6. In the section 5.1 the original paper
L. D. Faddeev, E. K. Sklyanin and L. A. Takhtajan, Theor. Math. Phys. 40, 688 (1979)
should be cited for the Algebraic Bethe Ansatz
7. For the eqs. (5.129), (6.148) and (6.152) illustrations of the integration contours can be useful for a reader
8. More details of the computations in (6.152) can be useful (like it was done for example for the computation in (5.129)).
Report #2 by Anonymous (Referee 1) on 2020510 (Invited Report)
 Cite as: Anonymous, Report on arXiv:scipost_202004_00045v1, delivered 20200510, doi: 10.21468/SciPost.Report.1674
Strengths
1 Well written introductory text, good summary.
Weaknesses
no significant weaknesses
Report
This is a well written introductory material. It is supposed to be a Lecture Notes. The author was asked to explain some part of the literature where he contributed significantly with original research works.
I only have minor comments.
Requested changes
1. Short typo: ''an inaccuracies''
2. When the density matrix is introduced, I find that paragraph too quick and short. Perhaps the author could mention, that if the chain is coupled with the environment, and the whole system is in a ''pure state'', then the correlations of the chain can be described by the density matrix. Perhaps this is what the author meant with mentioning experiments, but it is useful to spell this out.

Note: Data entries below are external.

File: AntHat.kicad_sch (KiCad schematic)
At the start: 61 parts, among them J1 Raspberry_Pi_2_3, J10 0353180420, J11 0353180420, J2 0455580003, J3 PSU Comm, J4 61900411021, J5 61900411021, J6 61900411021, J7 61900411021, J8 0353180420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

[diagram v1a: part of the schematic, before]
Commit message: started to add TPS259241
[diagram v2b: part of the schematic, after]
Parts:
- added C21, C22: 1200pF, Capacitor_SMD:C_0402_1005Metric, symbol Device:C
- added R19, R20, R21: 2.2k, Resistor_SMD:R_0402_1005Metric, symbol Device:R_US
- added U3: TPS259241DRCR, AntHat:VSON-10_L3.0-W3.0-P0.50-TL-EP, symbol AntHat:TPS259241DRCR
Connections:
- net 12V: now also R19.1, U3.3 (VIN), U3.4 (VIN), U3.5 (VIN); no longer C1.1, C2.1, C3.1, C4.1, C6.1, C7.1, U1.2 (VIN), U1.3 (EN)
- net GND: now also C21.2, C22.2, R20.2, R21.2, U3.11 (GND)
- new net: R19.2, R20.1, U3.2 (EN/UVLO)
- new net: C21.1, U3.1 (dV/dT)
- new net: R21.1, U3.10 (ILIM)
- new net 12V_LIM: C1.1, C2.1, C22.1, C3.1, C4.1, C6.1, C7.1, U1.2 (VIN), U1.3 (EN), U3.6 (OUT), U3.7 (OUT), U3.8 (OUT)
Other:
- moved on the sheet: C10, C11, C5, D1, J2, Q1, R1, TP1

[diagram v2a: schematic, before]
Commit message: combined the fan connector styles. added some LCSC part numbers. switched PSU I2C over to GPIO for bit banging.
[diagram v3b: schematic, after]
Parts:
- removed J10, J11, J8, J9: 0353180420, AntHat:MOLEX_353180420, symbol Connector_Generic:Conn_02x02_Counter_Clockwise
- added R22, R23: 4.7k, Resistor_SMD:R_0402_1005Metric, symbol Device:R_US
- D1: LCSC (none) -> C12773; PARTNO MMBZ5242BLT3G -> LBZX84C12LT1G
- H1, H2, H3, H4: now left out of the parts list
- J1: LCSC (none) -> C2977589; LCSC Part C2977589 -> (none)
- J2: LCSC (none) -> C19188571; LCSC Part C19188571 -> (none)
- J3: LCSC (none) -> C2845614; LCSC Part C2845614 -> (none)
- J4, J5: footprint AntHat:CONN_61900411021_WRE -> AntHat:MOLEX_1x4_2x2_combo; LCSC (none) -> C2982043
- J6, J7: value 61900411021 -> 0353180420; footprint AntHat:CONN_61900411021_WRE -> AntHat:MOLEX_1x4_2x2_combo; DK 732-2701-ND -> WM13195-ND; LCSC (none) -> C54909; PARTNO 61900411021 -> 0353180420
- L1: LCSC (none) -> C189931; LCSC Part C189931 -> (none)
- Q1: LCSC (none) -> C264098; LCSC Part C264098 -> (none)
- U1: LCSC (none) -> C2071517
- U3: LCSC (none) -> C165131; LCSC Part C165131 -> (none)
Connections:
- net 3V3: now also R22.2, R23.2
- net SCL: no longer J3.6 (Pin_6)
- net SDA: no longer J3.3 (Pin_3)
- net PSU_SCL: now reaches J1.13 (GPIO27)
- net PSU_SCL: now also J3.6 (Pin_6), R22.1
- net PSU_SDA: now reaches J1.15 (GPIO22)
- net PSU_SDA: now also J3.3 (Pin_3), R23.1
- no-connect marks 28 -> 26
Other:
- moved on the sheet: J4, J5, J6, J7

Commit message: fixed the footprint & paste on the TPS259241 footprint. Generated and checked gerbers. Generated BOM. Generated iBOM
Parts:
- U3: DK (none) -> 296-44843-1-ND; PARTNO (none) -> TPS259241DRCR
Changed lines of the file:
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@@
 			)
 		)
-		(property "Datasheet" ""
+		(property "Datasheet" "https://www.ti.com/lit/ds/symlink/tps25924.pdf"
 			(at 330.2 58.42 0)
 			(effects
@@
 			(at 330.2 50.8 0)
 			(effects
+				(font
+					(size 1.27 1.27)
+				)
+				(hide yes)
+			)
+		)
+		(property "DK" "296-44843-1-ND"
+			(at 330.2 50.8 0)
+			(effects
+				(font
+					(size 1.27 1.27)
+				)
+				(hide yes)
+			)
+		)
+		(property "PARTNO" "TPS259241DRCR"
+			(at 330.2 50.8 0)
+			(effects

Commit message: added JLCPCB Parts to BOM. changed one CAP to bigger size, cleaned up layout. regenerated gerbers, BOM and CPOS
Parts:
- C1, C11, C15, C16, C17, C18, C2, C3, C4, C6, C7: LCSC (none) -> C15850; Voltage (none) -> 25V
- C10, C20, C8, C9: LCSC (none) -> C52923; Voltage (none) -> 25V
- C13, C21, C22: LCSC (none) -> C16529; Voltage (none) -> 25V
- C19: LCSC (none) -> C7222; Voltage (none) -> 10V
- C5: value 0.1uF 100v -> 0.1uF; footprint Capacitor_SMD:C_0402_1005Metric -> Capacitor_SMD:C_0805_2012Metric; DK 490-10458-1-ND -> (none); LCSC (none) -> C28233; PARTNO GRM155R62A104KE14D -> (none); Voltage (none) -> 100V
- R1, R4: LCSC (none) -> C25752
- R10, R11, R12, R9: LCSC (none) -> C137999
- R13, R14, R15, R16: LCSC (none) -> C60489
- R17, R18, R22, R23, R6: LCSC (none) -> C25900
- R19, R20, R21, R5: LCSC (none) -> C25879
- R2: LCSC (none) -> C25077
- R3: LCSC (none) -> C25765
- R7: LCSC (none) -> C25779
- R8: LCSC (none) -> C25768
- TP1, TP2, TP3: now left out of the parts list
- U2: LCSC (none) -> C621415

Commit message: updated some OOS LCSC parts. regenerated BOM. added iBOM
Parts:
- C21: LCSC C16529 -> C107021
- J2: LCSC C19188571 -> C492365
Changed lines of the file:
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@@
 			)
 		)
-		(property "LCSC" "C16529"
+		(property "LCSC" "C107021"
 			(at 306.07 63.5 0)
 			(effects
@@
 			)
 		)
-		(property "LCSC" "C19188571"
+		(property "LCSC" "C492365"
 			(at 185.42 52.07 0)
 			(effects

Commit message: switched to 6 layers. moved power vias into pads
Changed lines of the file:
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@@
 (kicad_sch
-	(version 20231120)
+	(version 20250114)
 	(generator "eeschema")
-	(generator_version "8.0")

3. When the GGE is mentioned the ref [8] is cited. This is certainly an important paper, but I would not give only this as further reading to students, because it is a very brief 4 page paper for PRL. I would add the reviews
https://arxiv.org/abs/1603.06452
https://arxiv.org/abs/1604.03990
or anything similar.
4. In 2.45 I think the partial transpose is not explained.
5. The proof of the RTT relations for the QTM is very a difficult for a student who sees this first. I don't think that this should be left as an exercise. Perhaps some comments or instructions, or references to other lecture notes should be given.
6. Typo: ''has be used''
Author: Frank Göhmann on 20200606 [id 850]
(in reply to Report 2 on 20200510)Thank you for your positive and helpful report. I have changed the manuscript according to your suggestion. Just point 4 confused me as the partial transposed is explained right after 2.45 in equation (2.46).
Author: Frank Göhmann on 20200606 [id 849]
(in reply to Report 1 on 20200515)I would like to thank the referees for their constructive criticism. I have included all suggested references and tried to comply with all other suggestions. I did not take up point 2 and point 8 of the first report. I think that there is very little danger of confusion with the letter "N" in subsection 1.2.2, since it comes well before the Trotter number is introduced. And for point 8 I simply did not know what to add. In my eyes the presentation is already rather detailed.